Archive for May 12, 2015

Tuesday, May 12, 2015 [Tweets] [Favorites]

Using Atomics to Get Rid of @synchronized

Bruno de Carvalho (tweet, comments):

This post talks about the use of OS low level atomic functions (compare-and-swap, fetch-and-increment) to achieve both wait and lock free, thread-safe concurrent algorithms in your iOS/OSX apps.

It introduces a few classes that abstract away the gory details of some of the atomic functions made available by libkern/OSAtomic.h into conceptually simpler components that use Foundation types.


While I’ve found plenty of use cases for atomic integers and booleans, references are something that I’ve rarely ever needed. I did come across one interesting usage for it recently.


If you’re looking to extract that extra bit of performance, instead of using AtomicInteger or AtomicBoolean go straight for std::atomic<> since objc_msgSend() — calling methods on classes — has a non-neglectable impact. Just make sure that when you do so, your code remains readable and self-explanatory.

BitTorrent Sync vs. Dropbox

Matt Henderson:

Dropbox costs me about $120 per year. To share data with my wife, without having to purchase a second subscription, required installing Dropbox on her Mac, but logged into my Dropbox account. Sharing data with my kids, however, would have required purchasing paid Dropbox accounts for them, as our shared “Family” data exceeds the Dropbox free account level.

For $40 per year, a single BTS license can be used on multiple computers. And if you can get by syncing up to 10 folders, it’s free!


BitTorrent Sync also supports selective sync, but dramatically improves on the Dropbox implementation by allowing you to continue to see the contents of excluded folders locally, and—here’s the killer feature—also allowing you to access that data on demand!

Storing SSDs Without Power

Jared Newman:

A new research presentation shows that solid state drives can lose data over time if they aren’t powered on, especially in warmer environments. A powered-off drive in 104 degrees Fahrenheit may start seeing data loss after a couple of weeks.

The information comes from Seagate’s Alvin Cox, who was part of a presentation to the Joint Electron Device Engineering Council (JEDEC). Though the presentation is a couple of months old, it was recently picked up by ZDNet, Slashdot and other sites.


The statements are actually completely accurate, but a bit misleading. First, this is about what JEDEC requires, not what actual SSDs deliver. Second, this is when SSDs are stored in idle at 55C.

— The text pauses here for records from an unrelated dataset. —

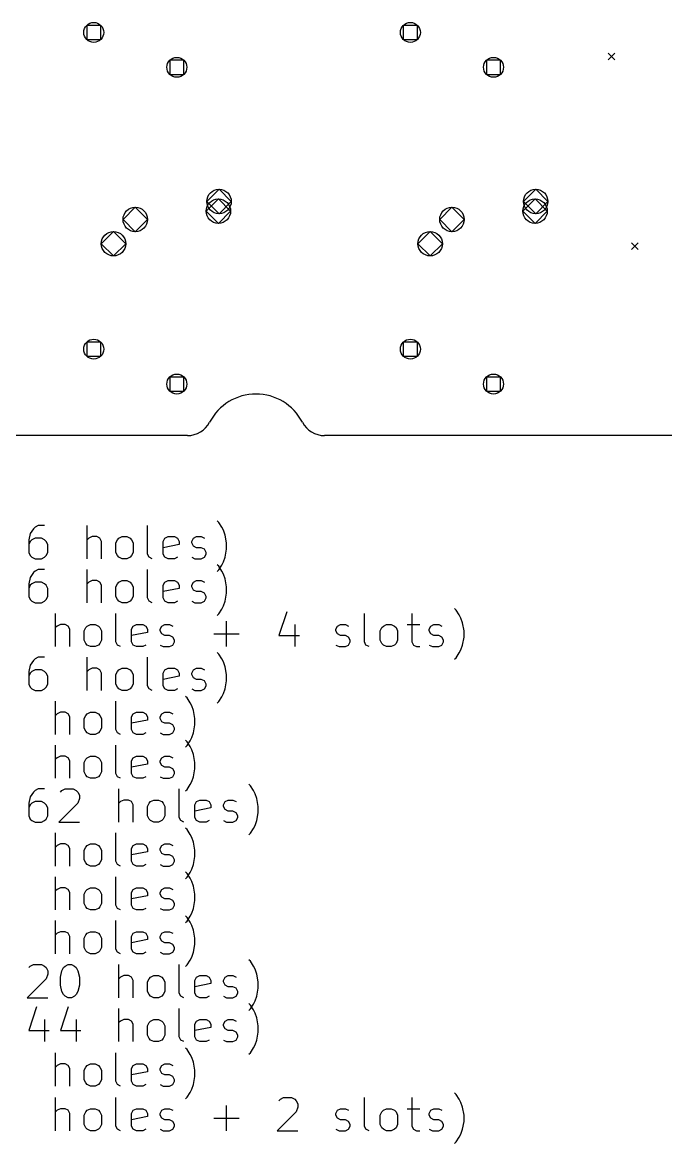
# Model space of a CAD drawing. Extents: x 8 to 295, y -192 to -55.
# Drawn here: x 47.9 to 86.6, y -192.1 to -124.6 of the extents above; entities that cross this region are included whole.
import ezdxf

# ---------------------------------------------------------------- set-up
doc = ezdxf.new("R2010")
doc.units = 0
doc.layers.add('BLACK', color=7, linetype='CONTINUOUS')

msp = doc.modelspace()

# ---------------------------------------------------------------- linework, layer by layer
at = {"layer": 'BLACK', "linetype": 'CONTINUOUS'}
for p, q in [((52.5743, -124.82), (51.7258, -124.82)), ((51.7258, -124.82), (51.7258, -125.668)), ((52.5743, -125.668), (52.5743, -124.82)), ((71.6243, -124.82), (70.7758, -124.82)), ((70.7758, -124.82), (70.7758, -125.668)), ((71.6243, -125.668), (71.6243, -124.82)), ((51.7258, -125.668), (52.5743, -125.668)), ((70.7758, -125.668), (71.6243, -125.668)), ((83.1, -126.5), (83.5, -126.9)), ((83.5, -126.5), (83.1, -126.9)), ((57.5743, -126.92), (56.7258, -126.92)), ((56.7258, -126.92), (56.7258, -127.768)), ((57.5743, -127.768), (57.5743, -126.92)), ((76.6243, -126.92), (75.7758, -126.92)), ((75.7758, -126.92), (75.7758, -127.768)), ((76.6243, -127.768), (76.6243, -126.92)), ((56.7258, -127.768), (57.5743, -127.768)), ((75.7758, -127.768), (76.6243, -127.768)), ((59.69, -134.679), (58.955, -135.414)), ((60.425, -135.414), (59.69, -134.679)), ((78.7401, -134.679), (78.0051, -135.414)), ((79.4751, -135.414), (78.7401, -134.679)), ((59.65, -135.259), (58.915, -135.994)), ((58.955, -135.414), (59.69, -136.149)), ((60.385, -135.994), (59.65, -135.259)), ((59.69, -136.149), (60.425, -135.414)), ((78.7001, -135.259), (77.9651, -135.994)), ((78.0051, -135.414), (78.7401, -136.149)), ((79.4351, -135.994), (78.7001, -135.259)), ((78.7401, -136.149), (79.4751, -135.414)), ((54.65, -135.759), (53.915, -136.494)), ((55.385, -136.494), (54.65, -135.759)), ((58.915, -135.994), (59.65, -136.729)), ((59.65, -136.729), (60.385, -135.994)), ((73.7001, -135.759), (72.9651, -136.494)), ((74.4351, -136.494), (73.7001, -135.759)), ((77.9651, -135.994), (78.7001, -136.729)), ((78.7001, -136.729), (79.4351, -135.994)), ((53.915, -136.494), (54.65, -137.229)), ((54.65, -137.229), (55.385, -136.494)), ((72.9651, -136.494), (73.7001, -137.229)), ((73.7001, -137.229), (74.4351, -136.494)), ((53.34, -137.219), (52.605, -137.954)), ((54.075, -137.954), (53.34, -137.219)), ((72.3901, -137.219), (71.6551, -137.954)), ((73.1251, -137.954), (72.3901, -137.219)), ((52.605, -137.954), (53.34, -138.689)), ((53.34, -138.689), (54.075, -137.954)), ((71.6551, -137.954), (72.3901, -138.689)), ((72.3901, -138.689), (73.1251, -137.954)), ((84.5, -137.9), (84.9, -138.3)), ((84.9, -137.9), (84.5, -138.3)), ((52.5743, -143.87), (51.7258, -143.87)), ((51.7258, -143.87), (51.7258, -144.718)), ((52.5743, -144.718), (52.5743, -143.87)), ((71.6243, -143.87), (70.7758, -143.87)), ((70.7758, -143.87), (70.7758, -144.718)), ((71.6243, -144.718), (71.6243, -143.87)), ((51.7258, -144.718), (52.5743, -144.718)), ((70.7758, -144.718), (71.6243, -144.718)), ((57.5743, -145.97), (56.7258, -145.97)), ((56.7258, -145.97), (56.7258, -146.818)), ((57.5743, -146.818), (57.5743, -145.97)), ((76.6243, -145.97), (75.7758, -145.97)), ((75.7758, -145.97), (75.7758, -146.818)), ((76.6243, -146.818), (76.6243, -145.97)), ((56.7258, -146.818), (57.5743, -146.818)), ((75.7758, -146.818), (76.6243, -146.818)), ((57.7894, -149.494), (26.1497, -149.494)), ((105, -149.5), (66.0356, -149.494)), ((48.6214, -155), (48.5262, -155.095)), ((48.8119, -154.905), (48.6214, -155)), ((49.1929, -154.905), (48.8119, -154.905)), ((51.7643, -156.905), (51.7643, -154.905)), ((55.3833, -156.619), (55.3833, -154.905)), ((59.669, -154.714), (59.5738, -154.619)), ((59.8595, -155), (59.669, -154.714)), ((59.9548, -155.19), (59.8595, -155)), ((48.3357, -155.381), (48.2405, -155.762)), ((48.2405, -155.762), (48.2405, -156.524)), ((48.5262, -155.095), (48.3357, -155.381)), ((48.431, -155.762), (48.3357, -155.857)), ((48.6214, -155.667), (48.431, -155.762)), ((49.0024, -155.667), (48.6214, -155.667)), ((49.1929, -155.762), (49.0024, -155.667)), ((49.2881, -155.857), (49.1929, -155.762)), ((51.8595, -155.667), (51.7643, -155.762)), ((52.05, -155.571), (51.8595, -155.667)), ((52.3357, -155.571), (52.05, -155.571)), ((52.5262, -155.667), (52.3357, -155.571)), ((52.6214, -155.857), (52.5262, -155.667)), ((53.4786, -155.952), (53.5738, -155.762)), ((53.5738, -155.762), (53.669, -155.667)), ((53.669, -155.667), (53.8595, -155.571)), ((53.8595, -155.571), (54.1452, -155.571)), ((54.1452, -155.571), (54.3357, -155.667)), ((54.3357, -155.667), (54.431, -155.762)), ((54.431, -155.762), (54.5262, -155.952)), ((56.3357, -155.857), (56.431, -155.667)), ((56.431, -155.667), (56.6214, -155.571)), ((56.6214, -155.571), (57.0024, -155.571)), ((57.0024, -155.571), (57.1929, -155.667)), ((57.1929, -155.667), (57.2881, -155.857)), ((58.05, -155.857), (58.1452, -155.667)), ((58.1452, -155.667), (58.3357, -155.571)), ((58.3357, -155.571), (58.6214, -155.571)), ((58.6214, -155.571), (58.8119, -155.667)), ((60.05, -155.476), (59.9548, -155.19)), ((60.1452, -155.952), (60.05, -155.476)), ((48.3357, -155.857), (48.2405, -156.048)), ((49.3833, -156.048), (49.2881, -155.857)), ((49.3833, -156.524), (49.3833, -156.048)), ((52.6214, -156.905), (52.6214, -155.857)), ((53.4786, -156.524), (53.4786, -155.952)), ((54.5262, -155.952), (54.5262, -156.524)), ((56.3357, -156.619), (56.3357, -155.857)), ((57.2881, -156.048), (56.3357, -156.238)), ((57.2881, -155.857), (57.2881, -156.048)), ((58.05, -155.952), (58.05, -155.857)), ((58.1452, -156.143), (58.05, -155.952)), ((58.3357, -156.238), (58.1452, -156.143)), ((58.6214, -156.238), (58.3357, -156.238)), ((58.8119, -156.333), (58.6214, -156.238)), ((58.9071, -156.524), (58.8119, -156.333)), ((60.05, -156.81), (60.1452, -156.333)), ((60.1452, -156.333), (60.1452, -155.952)), ((48.2405, -156.524), (48.3357, -156.714)), ((48.3357, -156.714), (48.431, -156.81)), ((48.431, -156.81), (48.6214, -156.905)), ((48.6214, -156.905), (49.0024, -156.905)), ((49.0024, -156.905), (49.1929, -156.81)), ((49.1929, -156.81), (49.2881, -156.714)), ((49.2881, -156.714), (49.3833, -156.524)), ((53.5738, -156.714), (53.4786, -156.524)), ((53.669, -156.81), (53.5738, -156.714)), ((53.8595, -156.905), (53.669, -156.81)), ((54.1452, -156.905), (53.8595, -156.905)), ((54.3357, -156.81), (54.1452, -156.905)), ((54.431, -156.714), (54.3357, -156.81)), ((54.5262, -156.524), (54.431, -156.714)), ((55.4786, -156.81), (55.3833, -156.619)), ((55.669, -156.905), (55.4786, -156.81)), ((56.431, -156.81), (56.3357, -156.619)), ((56.6214, -156.905), (56.431, -156.81)), ((57.0024, -156.905), (56.6214, -156.905)), ((57.1929, -156.81), (57.0024, -156.905)), ((58.05, -156.81), (58.2405, -156.905)), ((58.2405, -156.905), (58.6214, -156.905)), ((58.6214, -156.905), (58.8119, -156.81)), ((58.8119, -156.81), (58.9071, -156.619)), ((58.9071, -156.619), (58.9071, -156.524)), ((59.8595, -157.286), (59.9548, -157.095)), ((59.9548, -157.095), (60.05, -156.81)), ((48.5262, -157.735), (48.3357, -158.021)), ((48.6214, -157.64), (48.5262, -157.735)), ((48.8119, -157.545), (48.6214, -157.64)), ((49.1929, -157.545), (48.8119, -157.545)), ((51.7643, -159.545), (51.7643, -157.545)), ((55.3833, -159.259), (55.3833, -157.545)), ((59.669, -157.354), (59.5738, -157.259)), ((59.5738, -157.667), (59.669, -157.571)), ((59.669, -157.571), (59.8595, -157.286)), ((59.8595, -157.64), (59.669, -157.354)), ((59.9548, -157.83), (59.8595, -157.64)), ((48.3357, -158.021), (48.2405, -158.402)), ((48.2405, -158.402), (48.2405, -159.164)), ((48.431, -158.402), (48.3357, -158.497)), ((48.6214, -158.307), (48.431, -158.402)), ((49.0024, -158.307), (48.6214, -158.307)), ((49.1929, -158.402), (49.0024, -158.307)), ((49.2881, -158.497), (49.1929, -158.402)), ((51.8595, -158.307), (51.7643, -158.402)), ((52.05, -158.211), (51.8595, -158.307)), ((52.3357, -158.211), (52.05, -158.211)), ((52.5262, -158.307), (52.3357, -158.211)), ((52.6214, -158.497), (52.5262, -158.307)), ((53.4786, -158.592), (53.5738, -158.402)), ((53.5738, -158.402), (53.669, -158.307)), ((53.669, -158.307), (53.8595, -158.211)), ((53.8595, -158.211), (54.1452, -158.211)), ((54.1452, -158.211), (54.3357, -158.307)), ((54.3357, -158.307), (54.431, -158.402)), ((54.431, -158.402), (54.5262, -158.592)), ((56.3357, -158.497), (56.431, -158.307)), ((56.431, -158.307), (56.6214, -158.211)), ((56.6214, -158.211), (57.0024, -158.211)), ((57.0024, -158.211), (57.1929, -158.307)), ((57.1929, -158.307), (57.2881, -158.497)), ((58.05, -158.497), (58.1452, -158.307)), ((58.1452, -158.307), (58.3357, -158.211)), ((58.3357, -158.211), (58.6214, -158.211)), ((58.6214, -158.211), (58.8119, -158.307)), ((60.05, -158.116), (59.9548, -157.83)), ((60.1452, -158.592), (60.05, -158.116)), ((48.3357, -158.497), (48.2405, -158.688)), ((49.3833, -158.688), (49.2881, -158.497)), ((49.3833, -159.164), (49.3833, -158.688)), ((52.6214, -159.545), (52.6214, -158.497)), ((53.4786, -159.164), (53.4786, -158.592)), ((54.5262, -158.592), (54.5262, -159.164)), ((56.3357, -159.259), (56.3357, -158.497)), ((57.2881, -158.688), (56.3357, -158.878)), ((57.2881, -158.497), (57.2881, -158.688)), ((58.05, -158.592), (58.05, -158.497)), ((58.1452, -158.783), (58.05, -158.592)), ((58.3357, -158.878), (58.1452, -158.783)), ((58.6214, -158.878), (58.3357, -158.878)), ((58.8119, -158.973), (58.6214, -158.878)), ((58.9071, -159.164), (58.8119, -158.973)), ((60.05, -159.45), (60.1452, -158.973)), ((60.1452, -158.973), (60.1452, -158.592)), ((48.2405, -159.164), (48.3357, -159.354)), ((48.3357, -159.354), (48.431, -159.45)), ((48.431, -159.45), (48.6214, -159.545)), ((48.6214, -159.545), (49.0024, -159.545)), ((49.0024, -159.545), (49.1929, -159.45)), ((49.1929, -159.45), (49.2881, -159.354)), ((49.2881, -159.354), (49.3833, -159.164)), ((53.5738, -159.354), (53.4786, -159.164)), ((53.669, -159.45), (53.5738, -159.354)), ((53.8595, -159.545), (53.669, -159.45)), ((54.1452, -159.545), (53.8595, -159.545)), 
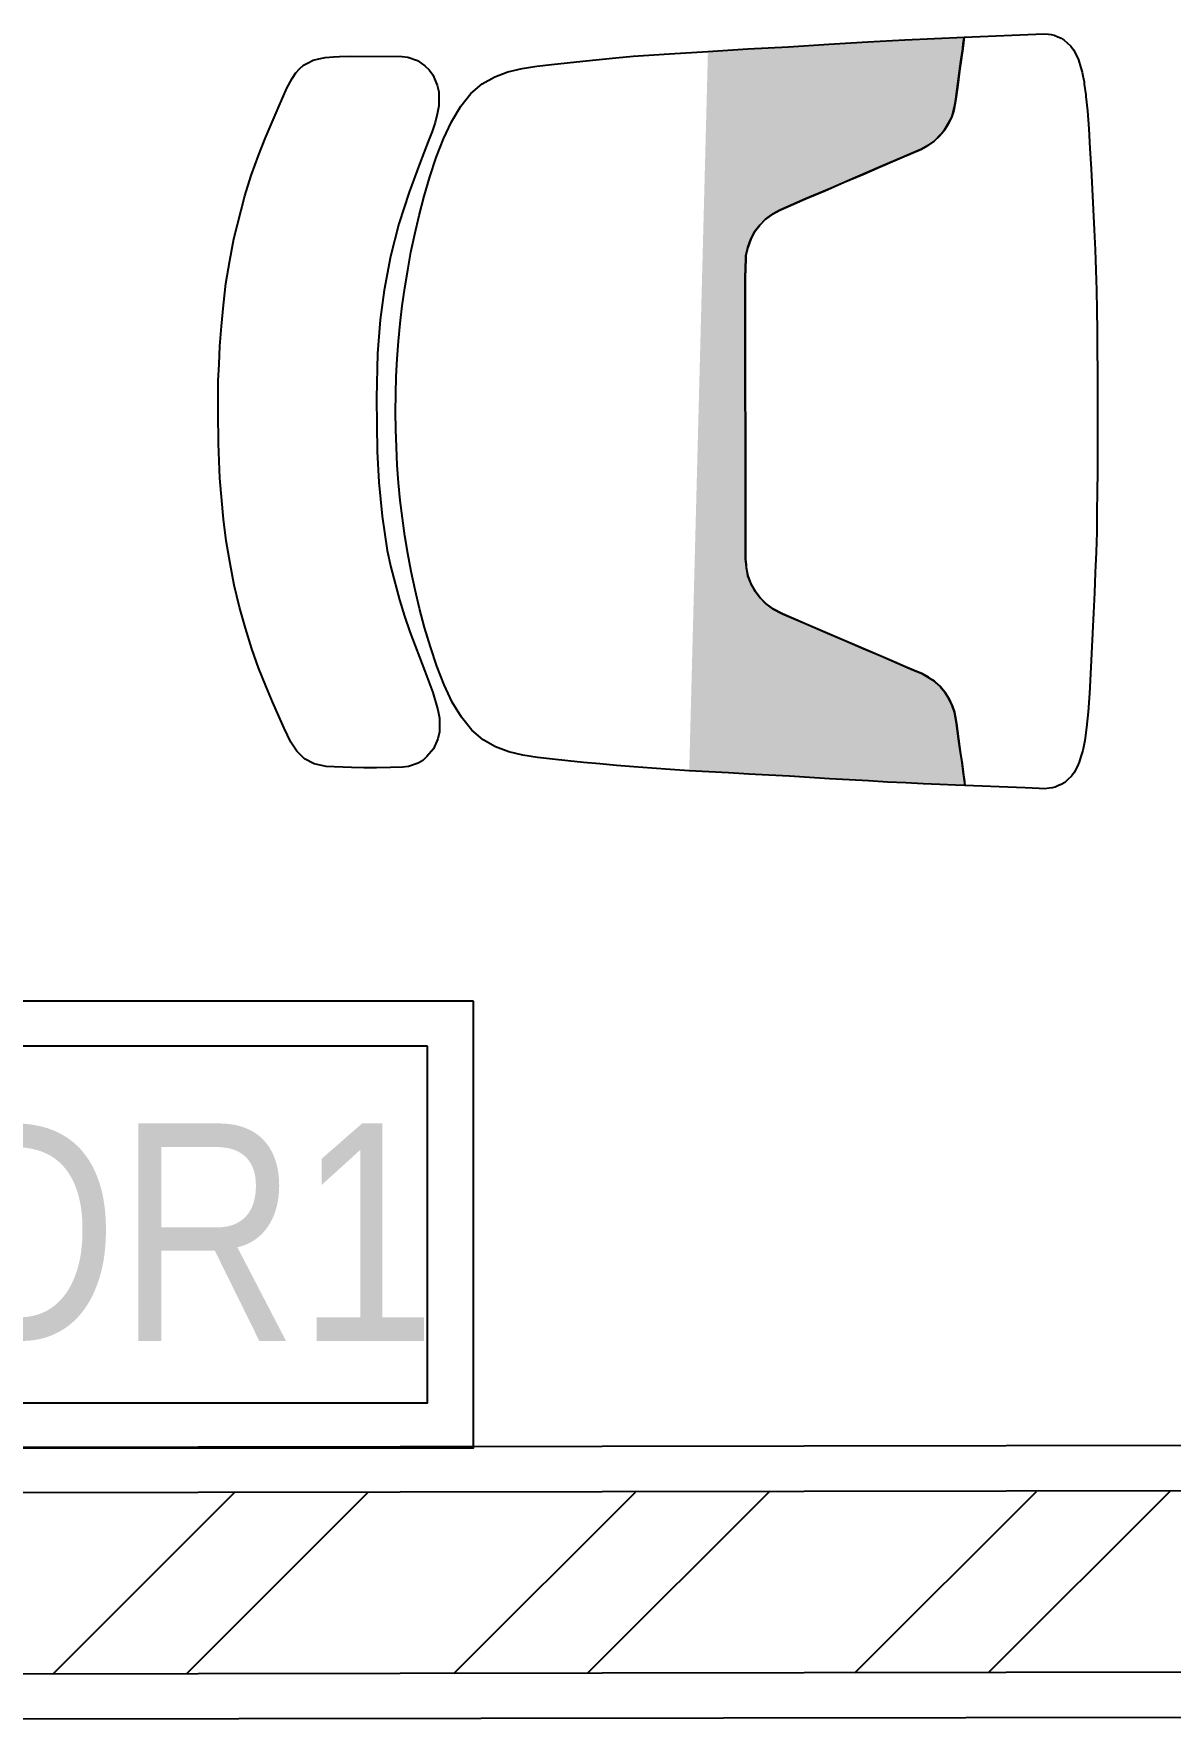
# Model space of a CAD drawing. Header units: inches. Extents: x 78 to 199, y 70 to 92.
# Drawn here: x 102.701 to 103.453, y 78.398 to 79.515 of the extents above; entities that cross this region are included whole.
import ezdxf
from ezdxf.enums import TextEntityAlignment as Align

# ---------------------------------------------------------------- set-up
doc = ezdxf.new("R2010")
doc.units = ezdxf.units.IN
doc.header["$MEASUREMENT"] = 0
for name, color, linetype in [('EXIT SIGN', 6, 'Continuous'), ('FINISH-AR', 252, 'Continuous'), ('furniture', 5, 'Continuous'), ('HATCH-AR', 251, 'Continuous'), ('WALL-AR', 7, 'Continuous')]:
    doc.layers.add(name, color=color, linetype=linetype)
doc.layers.add('GOLDCLADDING', color=7, linetype='Continuous', true_color=0xffc20a)
doc.styles.add('Arial', font='ARIALN.TTF')
doc.styles.add('ROMANS', font='romans.shx')

# ---------------------------------------------------------------- blocks, each defined once
blk = doc.blocks.new('YJYJJYJTYJTY')
at = {"layer": 'furniture'}
h = blk.add_hatch(color=252, dxfattribs=at)
h.dxf.hatch_style = 1
h.set_gradient(color1=(0, 63, 127), one_color=1, tint=1, name='SPHERICAL')
h.paths.add_polyline_path([(8.0766, 6.1647), (8.0777, 6.1563), (8.0787, 6.1496), (8.0794, 6.1445), (8.0799, 6.1407), (8.0802, 6.1381), (8.0805, 6.1363), (8.0808, 6.1337), (8.0807, 6.1344), (8.0806, 6.1356), (8.0804, 6.1366), (8.0802, 6.1385), (8.0798, 6.1412), (8.0793, 6.1451), (8.0786, 6.1502), (8.0776, 6.1569), (8.0766, 6.1647), (8.0752, 6.1747)], flags=17)
edge = h.paths.add_edge_path()
edge.add_line((7.9488, 6.5087), (7.9533, 6.5121))
edge.add_line((7.9533, 6.5121), (7.9582, 6.5148))
edge.add_line((7.9582, 6.5148), (7.9617, 6.5163))
edge.add_line((7.9617, 6.5163), (7.9753, 6.5222))
edge.add_line((7.9753, 6.5222), (7.988, 6.5276))
edge.add_line((7.988, 6.5276), (8.0009, 6.5332))
edge.add_line((8.0009, 6.5332), (8.0131, 6.5384))
edge.add_line((8.0131, 6.5384), (8.0247, 6.5434))
edge.add_line((8.0247, 6.5434), (8.0358, 6.5482))
edge.add_line((8.0358, 6.5482), (8.0463, 6.5527))
edge.add_line((8.0463, 6.5527), (8.0519, 6.5551))
edge.add_line((8.0519, 6.5551), (8.0562, 6.5575))
edge.add_line((8.0562, 6.5575), (8.0602, 6.5603))
edge.add_line((8.0602, 6.5603), (8.0655, 6.5657))
edge.add_line((8.0655, 6.5657), (8.0671, 6.5675))
edge.add_line((8.0671, 6.5675), (8.071, 6.5743))
edge.add_line((8.071, 6.5743), (8.0722, 6.577))
edge.add_line((8.0722, 6.577), (8.0744, 6.5854))
edge.add_line((8.0744, 6.5854), (8.0748, 6.5883))
edge.add_line((8.0748, 6.5883), (8.0761, 6.5983))
edge.add_line((8.0761, 6.5983), (8.0772, 6.6068))
edge.add_line((8.0772, 6.6068), (8.0781, 6.6135))
edge.add_line((8.0781, 6.6135), (8.0793, 6.6218))
edge.add_line((8.0793, 6.6218), (8.0797, 6.625))
edge.add_line((8.0797, 6.625), (8.0801, 6.6277))
edge.add_line((8.0801, 6.6277), (8.0802, 6.6286))
edge.add_line((8.0802, 6.6286), (8.0803, 6.6294))
edge.add_line((8.0803, 6.6294), (8.133, 6.6316))
edge.add_line((8.133, 6.6316), (8.136, 6.6313))
edge.add_line((8.136, 6.6313), (8.1379, 6.6311))
edge.add_line((8.1379, 6.6311), (8.1398, 6.6306))
edge.add_line((8.1398, 6.6306), (8.1418, 6.6297))
edge.add_line((8.1418, 6.6297), (8.1445, 6.6286))
edge.add_line((8.1445, 6.6286), (8.1465, 6.6274))
edge.add_line((8.1465, 6.6274), (8.1484, 6.6256))
edge.add_line((8.1484, 6.6256), (8.1508, 6.6234))
edge.add_line((8.1508, 6.6234), (8.1526, 6.6209))
edge.add_line((8.1526, 6.6209), (8.1546, 6.6172))
edge.add_line((8.1546, 6.6172), (8.156, 6.6142))
edge.add_line((8.156, 6.6142), (8.1575, 6.609))
edge.add_line((8.1575, 6.609), (8.1584, 6.6062))
edge.add_line((8.1584, 6.6062), (8.1589, 6.6036))
edge.add_line((8.1589, 6.6036), (8.1597, 6.5997))
edge.add_line((8.1597, 6.5997), (8.1598, 6.5982))
edge.add_line((8.1598, 6.5982), (8.1608, 6.5911))
edge.add_line((8.1608, 6.5911), (8.1608, 6.5901))
edge.add_line((8.1608, 6.5901), (8.1619, 6.5806))
edge.add_line((8.1619, 6.5806), (8.1628, 6.5686))
edge.add_line((8.1628, 6.5686), (8.1635, 6.5556))
edge.add_line((8.1635, 6.5556), (8.1643, 6.5422))
edge.add_line((8.1643, 6.5422), (8.165, 6.5287))
edge.add_line((8.165, 6.5287), (8.1656, 6.5152))
edge.add_line((8.1656, 6.5152), (8.1663, 6.5018))
edge.add_line((8.1663, 6.5018), (8.1669, 6.4884))
edge.add_line((8.1669, 6.4884), (8.1674, 6.4751))
edge.add_line((8.1674, 6.4751), (8.1678, 6.4617))
edge.add_line((8.1678, 6.4617), (8.1681, 6.4484))
edge.add_line((8.1681, 6.4484), (8.1683, 6.435))
edge.add_line((8.1683, 6.435), (8.1684, 6.4217))
edge.add_line((8.1684, 6.4217), (8.1685, 6.4083))
edge.add_line((8.1685, 6.4083), (8.1685, 6.395))
edge.add_line((8.1685, 6.395), (8.1686, 6.3816))
edge.add_line((8.1686, 6.3816), (8.1686, 6.3683))
edge.add_line((8.1686, 6.3683), (8.1686, 6.3549))
edge.add_line((8.1686, 6.3549), (8.1685, 6.3416))
edge.add_line((8.1685, 6.3416), (8.1684, 6.3282))
edge.add_line((8.1684, 6.3282), (8.1682, 6.3149))
edge.add_line((8.1682, 6.3149), (8.168, 6.3015))
edge.add_line((8.168, 6.3015), (8.1676, 6.2882))
edge.add_line((8.1676, 6.2882), (8.1671, 6.2748))
edge.add_line((8.1671, 6.2748), (8.1665, 6.2614))
edge.add_line((8.1665, 6.2614), (8.1659, 6.248))
edge.add_line((8.1659, 6.248), (8.1653, 6.2346))
edge.add_line((8.1653, 6.2346), (8.1646, 6.2211))
edge.add_line((8.1646, 6.2211), (8.1639, 6.2076))
edge.add_line((8.1639, 6.2076), (8.1632, 6.1946))
edge.add_line((8.1632, 6.1946), (8.1623, 6.1826))
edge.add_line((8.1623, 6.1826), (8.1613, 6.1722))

That said, anybody conversant with SSD technology knows that SSDs are unsuitable for offline data storage as data obviously has potentially far shorter lifetimes than on magnetic disks, which in turn again have far shorter data lifetime than archival-grade tape. These is absolutely no surprise here for anybody that bothered to find out what the facts are. Of course, there are always those that expect every storage tech to keep data forever, and those dumb enough to have no or unverified backups and those often on media not suitable for long-term storage.

Mai Zheng et al. (PDF):

In this paper, we propose a new methodology to expose reliability issues in block devices under power faults. Our framework includes specially-designed hardware to inject power faults directly to devices, workloads to stress storage components, and techniques to detect various types of failures. Applying our testing framework, we test fifteen commodity SSDs from five different vendors using more than three thousand fault injection cycles in total. Our experimental results reveal that thirteen out of the fifteen tested SSD devices exhibit surprising failure behaviors under power faults, including bit corruption, shorn writes, unserializable writes, metadata corruption, and total device failure.

Update (2015-05-15): Kristian Vättö:

As always, there is a technical explanation to the data retention scaling. The conductivity of a semiconductor scales with temperature, which is bad news for NAND because when it’s unpowered the electrons are not supposed to move as that would change the charge of the cell. In other words, as the temperature increases, the electrons escape the floating gate faster that ultimately changes the voltage state of the cell and renders data unreadable (i.e. the drive no longer retains data).


All in all, there is absolutely zero reason to worry about SSD data retention in typical client environment. Remember that the figures presented here are for a drive that has already passed its endurance rating, so for new drives the data retention is considerably higher, typically over ten years for MLC NAND based SSDs. If you buy a drive today and stash it away, the drive itself will become totally obsolete quicker than it will lose its data. Besides, given the cost of SSDs, it’s not cost efficient to use them for cold storage anyway, so if you’re looking to archive data I would recommend going with hard drives for cost reasons alone.